ナイアシン若しくはその誘導体又はそれらの塩、及び抗酸化剤を含む、請求項１〜２５のいずれか１項に記載の保存液を調製するための粉末製剤。
ナイアシン若しくはその誘導体又はそれらの塩、及び抗酸化剤を含む液中で、哺乳動物細胞を保存する工程を含む、哺乳動物細胞の保存方法。
抗酸化剤が、アスコルビン酸若しくはその誘導体又はそれらの塩である、請求項２７に記載の方法。
ナイアシン若しくはその誘導体又はそれらの塩の濃度が、１〜１００００ｍｇ／Ｌである、請求項２７又は２８に記載の方法。
ナイアシン若しくはその誘導体又はそれらの塩の濃度が、３０〜３０００ｍｇ／Ｌである、請求項２７又は２８に記載の方法。
ナイアシン若しくはその誘導体又はそれらの塩の濃度が、１２０〜１２００ｍｇ／Ｌである、請求項２７又は２８に記載の方法。

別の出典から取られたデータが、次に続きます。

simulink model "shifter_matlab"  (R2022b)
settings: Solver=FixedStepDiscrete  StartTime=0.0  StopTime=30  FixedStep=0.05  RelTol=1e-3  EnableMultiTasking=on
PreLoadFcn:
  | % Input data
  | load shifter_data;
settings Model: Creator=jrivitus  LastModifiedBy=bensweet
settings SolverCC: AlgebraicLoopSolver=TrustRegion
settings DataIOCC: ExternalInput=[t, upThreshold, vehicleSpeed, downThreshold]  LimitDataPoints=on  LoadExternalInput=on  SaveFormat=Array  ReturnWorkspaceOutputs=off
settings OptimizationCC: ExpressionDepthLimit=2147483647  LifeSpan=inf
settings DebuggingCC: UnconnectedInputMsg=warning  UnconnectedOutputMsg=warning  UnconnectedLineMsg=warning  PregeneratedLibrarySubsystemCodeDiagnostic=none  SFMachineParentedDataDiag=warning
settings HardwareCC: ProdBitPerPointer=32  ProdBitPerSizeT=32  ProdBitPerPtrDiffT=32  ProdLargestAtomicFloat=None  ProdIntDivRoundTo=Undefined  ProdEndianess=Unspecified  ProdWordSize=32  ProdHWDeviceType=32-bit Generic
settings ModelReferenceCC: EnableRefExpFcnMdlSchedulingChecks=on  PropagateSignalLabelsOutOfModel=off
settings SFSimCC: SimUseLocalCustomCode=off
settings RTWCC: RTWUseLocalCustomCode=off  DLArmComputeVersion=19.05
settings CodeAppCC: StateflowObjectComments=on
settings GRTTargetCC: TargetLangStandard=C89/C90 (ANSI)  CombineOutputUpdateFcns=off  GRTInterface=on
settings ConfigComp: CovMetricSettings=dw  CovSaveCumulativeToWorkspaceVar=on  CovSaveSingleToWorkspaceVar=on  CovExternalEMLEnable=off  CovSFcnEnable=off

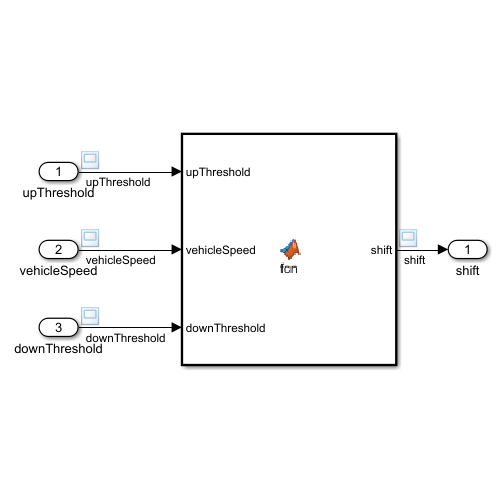
[thumbnail: Simulink's stored preview of the top-level diagram]
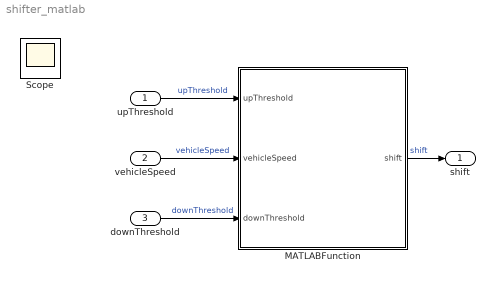
== system shifter_matlab ==
  upThreshold : Inport  OutDataTypeStr=double
  vehicleSpeed : Inport  Port=2  OutDataTypeStr=double
  downThreshold : Inport  Port=3  OutDataTypeStr=double
  MATLABFunction : MATLAB Function  TreatAsAtomicUnit=on
  shift : Outport  VectorParamsAs1DForOutWhenUnconnected=off
  Scope : Scope
  wires:
  MATLABFunction/1(shift) -> shift/1  "shift"
  upThreshold/1 -> MATLABFunction/1(upThreshold)  "upThreshold"
  vehicleSpeed/1 -> MATLABFunction/2(vehicleSpeed)  "vehicleSpeed"
  downThreshold/1 -> MATLABFunction/3(downThreshold)  "downThreshold"

== matlab function shifter_matlab/MATLABFunction ==
  data: upThreshold input; shift output; vehicleSpeed input; downThreshold input
function shift = fcn(upThreshold, vehicleSpeed, downThreshold)

if (vehicleSpeed > upThreshold)
    shift = 1;
elseif (vehicleSpeed < downThreshold)
    shift = -1;
else
    shift = 0;
end
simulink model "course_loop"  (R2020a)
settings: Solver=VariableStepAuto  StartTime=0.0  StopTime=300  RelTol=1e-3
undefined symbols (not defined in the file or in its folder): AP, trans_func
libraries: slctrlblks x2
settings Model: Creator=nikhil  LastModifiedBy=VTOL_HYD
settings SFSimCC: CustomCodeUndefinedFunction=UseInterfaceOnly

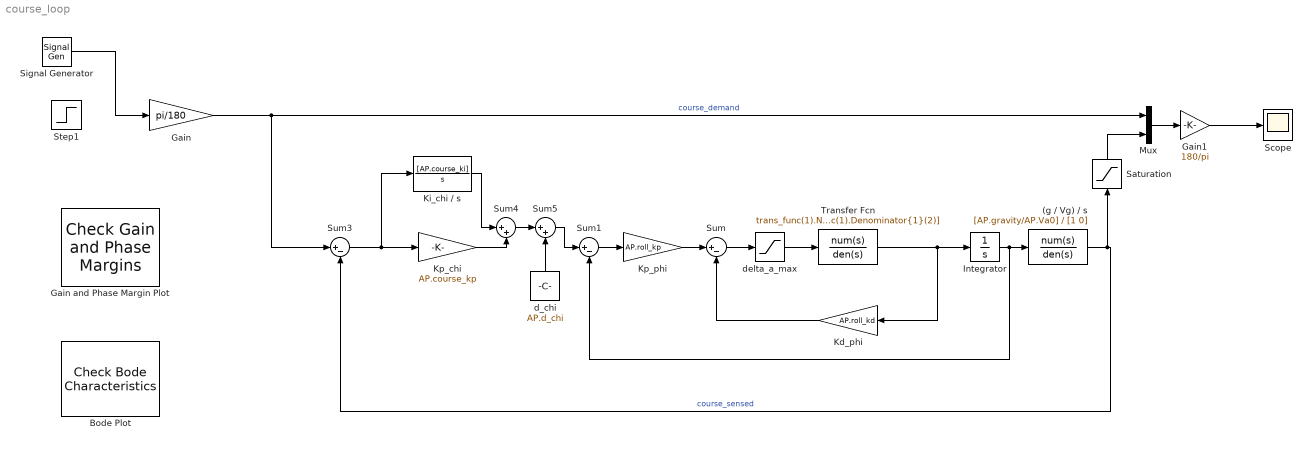
== system course_loop ==
  (g / Vg) / s : TransferFcn  Numerator=[AP.gravity/AP.Va0]  Denominator=[1 0]
  Bode Plot : slctrlblks/Model Verification/Check Bode  Characteristics  InstantiateOnLoad=on  SaveOperatingPoints=off  LinearizationIOs={'/Gain', 1, 'in', 'off', '';'/Saturation', 1, 'out', 'on', ''}  LinearizeAt=SnapshotTimes  SnapshotTimes=[0]  TriggerType=rising  SampleTime=auto  RateConversionMethod=zoh  PreWarpFreq=10  UseExactDelayModel=off  UseFullBlockNameLabels=off  UseBusSignalLabels=off  enabled=on  stopWhenAssertionFail=off  export=off  ViewDlgPos=[753 213 1065 602]  OpenViewOnLoad=off  LaunchViewOnOpen=off  FrequencyUnits=rad/s  MagnitudeUnits=dB  PhaseUnits=deg  TimeUnits=seconds  EnableUpperBound=off  UpperBoundFrequencies=[]  UpperBoundMagnitudes=[]  EnableLowerBound=off  LowerBoundFrequencies=[]  LowerBoundMagnitudes=[]
  Gain : Gain  Gain=pi/180
  Gain and Phase Margin Plot : slctrlblks/Model Verification/Check Gain and Phase Margins  InstantiateOnLoad=on  SaveOperatingPoints=off  LinearizationIOs={'/Gain', 1, 'in', 'off', '';'/Saturation', 1, 'out', 'on', ''}  LinearizeAt=SnapshotTimes  SnapshotTimes=[0]  TriggerType=rising  SampleTime=auto  RateConversionMethod=zoh  PreWarpFreq=10  UseExactDelayModel=off  UseFullBlockNameLabels=off  UseBusSignalLabels=off  enabled=on  stopWhenAssertionFail=off  export=off  ViewDlgPos=[1 41 1920 963]  LaunchViewOnOpen=off  OpenViewOnLoad=off  FrequencyUnits=rad/s  MagnitudeUnits=dB  PhaseUnits=deg  TimeUnits=seconds  EnableMargins=off  GainMargin=[]  PhaseMargin=[]  PlotType=nyquist  FeedbackSign=-1
      settings: SourceProductBaseCode=SD  SaveToWorkspace=off  SaveName=sys
  Gain1 : Gain  Gain=180/pi
  Integrator : Integrator
  Kd_phi : Gain  Gain=AP.roll_kd
  Ki_chi / s : TransferFcn  Numerator=[AP.course_ki]  Denominator=[1 0]
  Kp_chi : Gain  Gain=AP.course_kp
  Kp_phi : Gain  Gain=AP.roll_kp
  Mux : Mux  Inputs=2
  Saturation : Saturate  UpperLimit=7  LowerLimit=-7
  Scope : Scope
  Signal Generator : SignalGenerator  Amplitude=110  Frequency=.09  Units=rad/sec
  Step1 : Step  After=200  SampleTime=5
  Sum : Sum  Inputs=|+-
  Sum1 : Sum  Inputs=|+-
  Sum3 : Sum  Inputs=|+-
  Sum4 : Sum  Inputs=|++
  Sum5 : Sum  Inputs=|++
  Transfer Fcn : TransferFcn  Numerator=trans_func(1).Numerator{1}  Denominator=[trans_func(1).Denominator{1}(1), trans_func(1).Denominator{1}(2)]
  d_chi : Constant  Value=AP.d_chi
  delta_a_max : Saturate  UpperLimit=0.785  LowerLimit=-.785
  wires:
  Transfer Fcn/1 -> Kd_phi/1, Integrator/1
  Kd_phi/1 -> Sum/2
  Gain/1 -> Sum3/1, Mux/1  "course_demand"
  Sum1/1 -> Kp_phi/1
  Kp_phi/1 -> Sum/1
  (g / Vg) / s/1 -> Sum3/2, Saturation/1  "course_sensed"
  Sum3/1 -> Ki_chi / s/1, Kp_chi/1
  Ki_chi / s/1 -> Sum4/1
  Kp_chi/1 -> Sum4/2
  Saturation/1 -> Mux/2
  Mux/1 -> Gain1/1
  Gain1/1 -> Scope/1
  Sum/1 -> delta_a_max/1
  delta_a_max/1 -> Transfer Fcn/1
  Integrator/1 -> (g / Vg) / s/1, Sum1/2
  d_chi/1 -> Sum5/2
  Sum4/1 -> Sum5/1
  Sum5/1 -> Sum1/1
  Signal Generator/1 -> Gain/1

アスコルビン酸若しくはその誘導体又はそれらの塩の濃度が、１〜１００００ｍｇ／Ｌである、請求項２８〜３１のいずれか１項に記載の方法。
アスコルビン酸若しくはその誘導体又はそれらの塩の濃度が、３０〜６０００ｍｇ／Ｌである、請求項２８〜３１のいずれか１項に記載の方法。
アスコルビン酸若しくはその誘導体又はそれらの塩の濃度が、３００〜３０００ｍｇ／Ｌである、請求項２８〜３１のいずれか１項に記載の方法。
哺乳動物細胞を０〜４０℃で保存することを特徴とする、請求項２７〜３４のいずれか１項に記載の方法。
液が、ビタミンＢ２若しくはその誘導体又はそれらの塩を含まないことを特徴とする、請求項２７〜３５のいずれか１項に記載の方法。
哺乳動物細胞が、血小板又は巨核球である、請求項２７〜３６のいずれか１項に記載の方法。
血小板が、以下の（Ａ）及び（Ｂ）を含む方法により得られた精製血小板である、請求項３７に記載の方法。
（Ａ）巨核球の培養物を濃縮する濃縮工程；
（Ｂ）得られた濃縮物から血小板を遠心分離する遠心分離工程；
液中にさらにアルブミンを含む、請求項３７又は３８に記載の方法。
アルブミンの濃度が、１．２５〜１０％（ｗ／ｖ）である、請求項３９に記載の方法。
液中にさらに糖を含む、請求項３９又は４０に記載の方法。
糖が、ブドウ糖である、請求項４１に記載の方法。
血小板又は巨核球を、５〜１０日間保存することを特徴とする、請求項３７〜４２のいずれか１項に記載の方法。
哺乳動物細胞が、幹細胞又は免疫細胞である、請求項２７〜３６のいずれか１項に記載の方法。
幹細胞が、間葉系幹細胞である、請求項４４に記載の方法。
免疫細胞が、Ｔ細胞である、請求項４４に記載の方法。
液が、等張液である、請求項４４〜４６のいずれか１項に記載の方法。
等張液が、乳酸リンゲル液である、請求項４７に記載の方法。
液中にさらにトレハロースを含む、請求項４７又は４８に記載の方法。
液中にさらにデキストランを含む、請求項４７〜４９のいずれか１項に記載の方法。
幹細胞を、１〜６３日間保存することを特徴とする、請求項４４〜５０のいずれか１項に記載の方法。